Llama la atención que en la década pasada el apodado ‘constructor sin reposo’, Benjamín Vicuña Mackenna, se haya levantado como figura clave de una febril adicción por la ciudad de Santiago. Al parecer motivos sobraron: a cargo de la intendencia entre 1872 y 1875, propuso una nueva textura para aquel Santiago que fue improvisado con adobe y teja colonial, los cuales ya se desmoronaban a cascajos. Entonces la vieja aldea comenzó a despertar con gruesa albañilería conforme se soñaba una vida en Europa, incluyendo envoltorios verdes como parques y paseos circulares para la divina sociedad. Delimitó periferias donde se ubicarían barrios industriales, y hasta surgió la idea de planificar vías de descongestión. O sea y de fondo, fraguó una propuesta blandiendo el sueño de la postergada urbanidad.
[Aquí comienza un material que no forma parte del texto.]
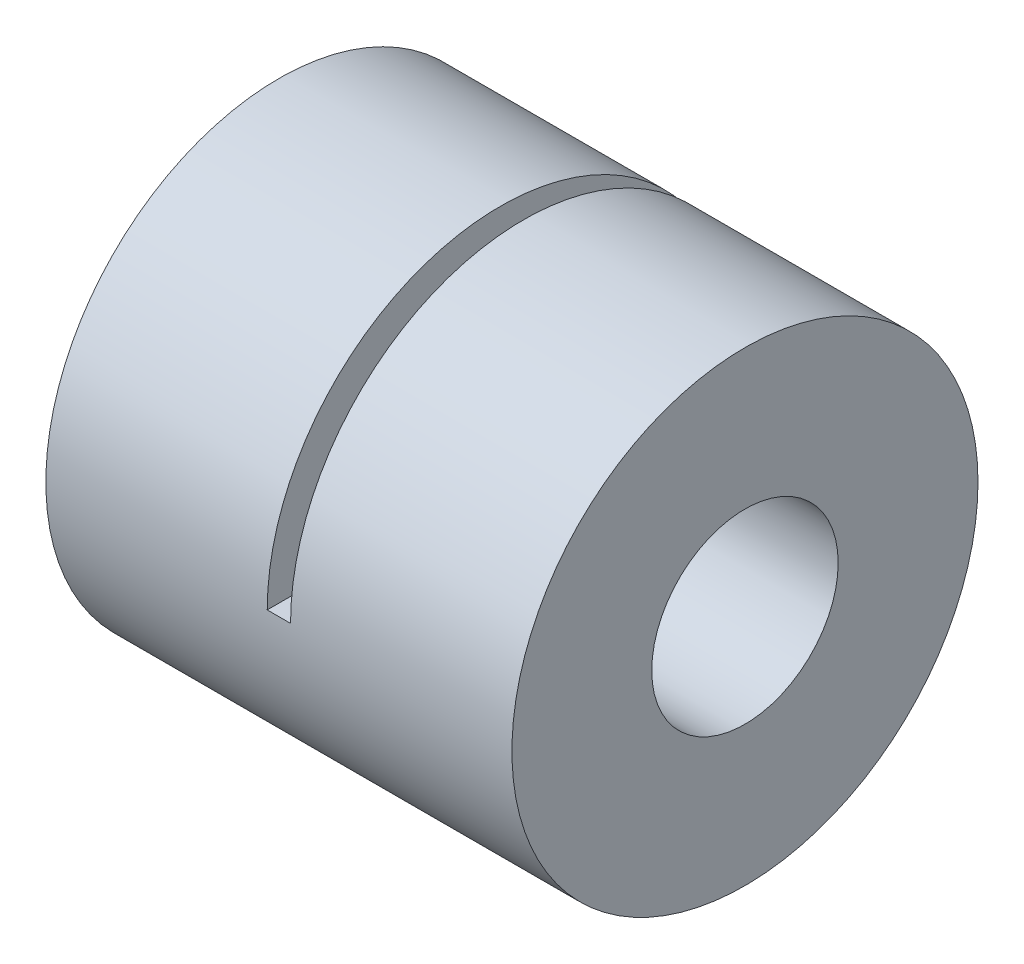
SolidWorks part; units mm, degrees
ref_plane "正面" through (0, 0, 0) normal (0, 0, 1) x (1, 0, 0)
ref_plane "平面" through (0, 0, 0) normal (0, 1, 0) x (1, 0, 0)
ref_plane "右側面" through (0, 0, 0) normal (1, 0, 0) x (0, 0, -1)
sketch "ｽｹｯﾁ1" plane through (0, 0, 0) normal (1, 0, 0) x (0, 0, -1)
  circle A0 centre (0, 0) radius 10
  circle A1 centre (0, 0) radius 4
  dimension "D1" = 20
  dimension "D2" = 8
extrude "ﾎﾞｽ - 押し出し1" add sketch "ｽｹｯﾁ1" along normal blind 20
sketch "ｽｹｯﾁ2" plane through (0, 0, 0) normal (0, 1, 0) x (1, 0, 0)
  line L0 (10, 10) -> (0, 0) construction
  line L1 (20, 10) -> (0, 10) construction
  line L2 (0, 0) -> (10, -10) construction
  line L3 (0, -10) -> (20, -10) construction
  line L4 (10, -10) -> (20, 0) construction
  line L5 (20, -10) -> (20, 10) construction
  line L6 (20, 0) -> (10, 10) construction
  line L7 (10, 10) -> (0, -10) construction
  line L8 (0, -10) -> (20, -10) construction
  line L9 (20, -10) -> (0, 10) construction
  line L10 (0, 10) -> (10, -10) construction
  line L11 (10, -10) -> (20, 10) construction
  line L12 (20, 10) -> (20, -10) construction
  line L13 (20, -10) -> (10, 10) construction
  line L14 (10, 10) -> (0, 10) construction
  line L15 (0, 10) -> (0, -10) construction
  line L16 (0, -10) -> (20, 10) construction
  line L18 (10.5, -10) -> (9.5, -10)
  line L19 (10.5, -10) -> (10.5, 10)
  line L20 (10.5, 10) -> (9.5, 10)
  line L21 (9.5, -10) -> (9.5, 10)
  line L22 (10.5, -10) -> (9.5, 10) construction
  line L23 (10.5, 10) -> (9.5, -10) construction
  point P17 (10, 0)
  dimension "D1" = 1
extrude "ｶｯﾄ - 押し出し1" cut sketch "ｽｹｯﾁ2" along normal through all

Delirio que por supuesto, a primeras se conversa consigo mismo.
Lo que ha sido escasamente calculado es el otro aporte de Vicuña Mackenna, el de una ciudad intramurallada cuya nueva belleza le sería vetada a quienes consideraba ciudadanos indeseables. Precisamente desde el Camino de la Cintura (donde vivió y se extendería la avenida que lleva su nombre) propuso barreras sanitarias a fin de excluir a los habitantes de los arrabales del Santiago sur, a quienes no dudó en calificar como “influencias pestilentes”, habitando algo similar a “aduares de beduinos […] reducidos al último grado de embrutecimiento”. Los “potreros sembrados de muerte”, fue la casilla final que jugó a lo básico entre geoagonía y repulsión.
El mal chiste o penosa ironía, es que para el siglo siguiente la avenida Vicuña Mackenna actuaría como alambrada corrosiva separando dos santiagos absolutos. De unos y los otros. El problema consecutivo (o moderno), son barrios y comunas separadas por caricaturas, sugiriendo estar en medio del peligro o un insuperable bienestar. A veces, cabe la verdad, pero en otras, se trata de ridiculizaciones mal boceteadas por cuestiones estéticas o simplemente, por identificaciones políticas que suponen la identidad común. Ocurre, que la casilla cobra tonelaje y le prosigue la economía de la materia gris: no es usual traspasar una frontera porque conlleva el riesgo de no coincidir con la forma. El miedo al desencuadre la privación y puede que hasta el resentimiento, completan el resto.
En ese sentido, la gastronomía en muchos casos ha contribuido a no aplicar criterios insulares y abrir una excepción, al grado de hacernos olvidar que somos ciudadanos típicos del momento. Un claro ejemplo es la conversión de Barrio Italia o barrio Franklin. Este último, la otrora periferia donde mercadeo y delincuencia se promovieron como antejuicios, ha visto gradualmente la entrada de la gastronomía, la coctelería, el diseño y el arte. Es a tal punto, que han ido convirtiéndose en actores recreando una situación permanente.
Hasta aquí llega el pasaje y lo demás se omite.